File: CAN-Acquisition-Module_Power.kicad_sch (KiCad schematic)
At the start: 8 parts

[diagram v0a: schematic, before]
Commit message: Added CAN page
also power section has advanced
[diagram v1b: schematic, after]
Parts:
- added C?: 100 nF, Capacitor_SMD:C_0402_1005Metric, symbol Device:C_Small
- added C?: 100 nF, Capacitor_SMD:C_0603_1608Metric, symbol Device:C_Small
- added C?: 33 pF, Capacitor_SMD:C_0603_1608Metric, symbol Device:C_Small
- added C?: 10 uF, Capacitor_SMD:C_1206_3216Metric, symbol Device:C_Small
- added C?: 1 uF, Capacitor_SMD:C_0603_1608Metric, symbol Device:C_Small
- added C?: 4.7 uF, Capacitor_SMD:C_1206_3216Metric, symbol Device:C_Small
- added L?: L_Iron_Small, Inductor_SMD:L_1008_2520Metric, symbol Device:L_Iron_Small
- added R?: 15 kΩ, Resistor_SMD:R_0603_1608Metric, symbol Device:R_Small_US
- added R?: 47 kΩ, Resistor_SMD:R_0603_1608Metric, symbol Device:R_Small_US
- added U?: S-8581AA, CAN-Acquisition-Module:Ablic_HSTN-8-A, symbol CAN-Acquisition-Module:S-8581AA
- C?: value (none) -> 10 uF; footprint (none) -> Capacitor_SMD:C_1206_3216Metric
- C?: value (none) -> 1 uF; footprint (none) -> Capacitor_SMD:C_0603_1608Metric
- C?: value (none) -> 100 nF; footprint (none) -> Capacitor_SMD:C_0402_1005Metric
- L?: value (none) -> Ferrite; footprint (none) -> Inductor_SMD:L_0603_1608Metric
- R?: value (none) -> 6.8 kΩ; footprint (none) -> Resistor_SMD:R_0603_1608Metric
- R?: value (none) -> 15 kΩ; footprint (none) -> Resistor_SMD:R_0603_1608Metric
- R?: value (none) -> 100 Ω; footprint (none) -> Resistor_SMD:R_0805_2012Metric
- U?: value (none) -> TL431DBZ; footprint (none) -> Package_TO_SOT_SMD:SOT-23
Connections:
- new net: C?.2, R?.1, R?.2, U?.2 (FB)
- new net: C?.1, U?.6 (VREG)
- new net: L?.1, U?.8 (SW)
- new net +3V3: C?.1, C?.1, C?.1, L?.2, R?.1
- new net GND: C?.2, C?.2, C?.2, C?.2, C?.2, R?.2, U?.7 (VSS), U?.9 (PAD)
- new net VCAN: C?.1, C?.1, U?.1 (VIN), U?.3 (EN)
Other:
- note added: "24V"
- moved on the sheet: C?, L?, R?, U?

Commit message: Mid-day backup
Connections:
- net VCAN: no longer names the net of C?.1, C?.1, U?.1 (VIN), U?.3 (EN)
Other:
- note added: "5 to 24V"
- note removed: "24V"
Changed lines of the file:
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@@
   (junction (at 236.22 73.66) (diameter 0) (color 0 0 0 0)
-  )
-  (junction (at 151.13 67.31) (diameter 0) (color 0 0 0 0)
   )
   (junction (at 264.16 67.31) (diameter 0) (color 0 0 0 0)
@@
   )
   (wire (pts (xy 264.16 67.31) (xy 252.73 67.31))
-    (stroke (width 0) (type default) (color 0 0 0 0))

PROBLEM DETAILS: All of the material must appear again, exactly as given.

RESULT FOR THIS TASK:
File: CAN-Acquisition-Module_Power.kicad_sch (KiCad schematic)
At the start: 8 parts

[diagram v0a: schematic, before]
Commit message: Added CAN page
also power section has advanced
[diagram v1b: schematic, after]
Parts:
- added C?: 100 nF, Capacitor_SMD:C_0402_1005Metric, symbol Device:C_Small
- added C?: 100 nF, Capacitor_SMD:C_0603_1608Metric, symbol Device:C_Small
- added C?: 33 pF, Capacitor_SMD:C_0603_1608Metric, symbol Device:C_Small
- added C?: 10 uF, Capacitor_SMD:C_1206_3216Metric, symbol Device:C_Small
- added C?: 1 uF, Capacitor_SMD:C_0603_1608Metric, symbol Device:C_Small
- added C?: 4.7 uF, Capacitor_SMD:C_1206_3216Metric, symbol Device:C_Small
- added L?: L_Iron_Small, Inductor_SMD:L_1008_2520Metric, symbol Device:L_Iron_Small
- added R?: 15 kΩ, Resistor_SMD:R_0603_1608Metric, symbol Device:R_Small_US
- added R?: 47 kΩ, Resistor_SMD:R_0603_1608Metric, symbol Device:R_Small_US
- added U?: S-8581AA, CAN-Acquisition-Module:Ablic_HSTN-8-A, symbol CAN-Acquisition-Module:S-8581AA
- C?: value (none) -> 10 uF; footprint (none) -> Capacitor_SMD:C_1206_3216Metric
- C?: value (none) -> 1 uF; footprint (none) -> Capacitor_SMD:C_0603_1608Metric
- C?: value (none) -> 100 nF; footprint (none) -> Capacitor_SMD:C_0402_1005Metric
- L?: value (none) -> Ferrite; footprint (none) -> Inductor_SMD:L_0603_1608Metric
- R?: value (none) -> 6.8 kΩ; footprint (none) -> Resistor_SMD:R_0603_1608Metric
- R?: value (none) -> 15 kΩ; footprint (none) -> Resistor_SMD:R_0603_1608Metric
- R?: value (none) -> 100 Ω; footprint (none) -> Resistor_SMD:R_0805_2012Metric
- U?: value (none) -> TL431DBZ; footprint (none) -> Package_TO_SOT_SMD:SOT-23
Connections:
- new net: C?.2, R?.1, R?.2, U?.2 (FB)
- new net: C?.1, U?.6 (VREG)
- new net: L?.1, U?.8 (SW)
- new net +3V3: C?.1, C?.1, C?.1, L?.2, R?.1
- new net GND: C?.2, C?.2, C?.2, C?.2, C?.2, R?.2, U?.7 (VSS), U?.9 (PAD)
- new net VCAN: C?.1, C?.1, U?.1 (VIN), U?.3 (EN)
Other:
- note added: "24V"
- moved on the sheet: C?, L?, R?, U?

Commit message: Mid-day backup
Connections:
- net VCAN: no longer names the net of C?.1, C?.1, U?.1 (VIN), U?.3 (EN)
Other:
- note added: "5 to 24V"
- note removed: "24V"
Changed lines of the file:
@@
   (junction (at 236.22 73.66) (diameter 0) (color 0 0 0 0)
-  )
-  (junction (at 151.13 67.31) (diameter 0) (color 0 0 0 0)
   )
   (junction (at 264.16 67.31) (diameter 0) (color 0 0 0 0)
@@
   )
   (wire (pts (xy 264.16 67.31) (xy 252.73 67.31))
-    (stroke (width 0) (type default) (color 0 0 0 0))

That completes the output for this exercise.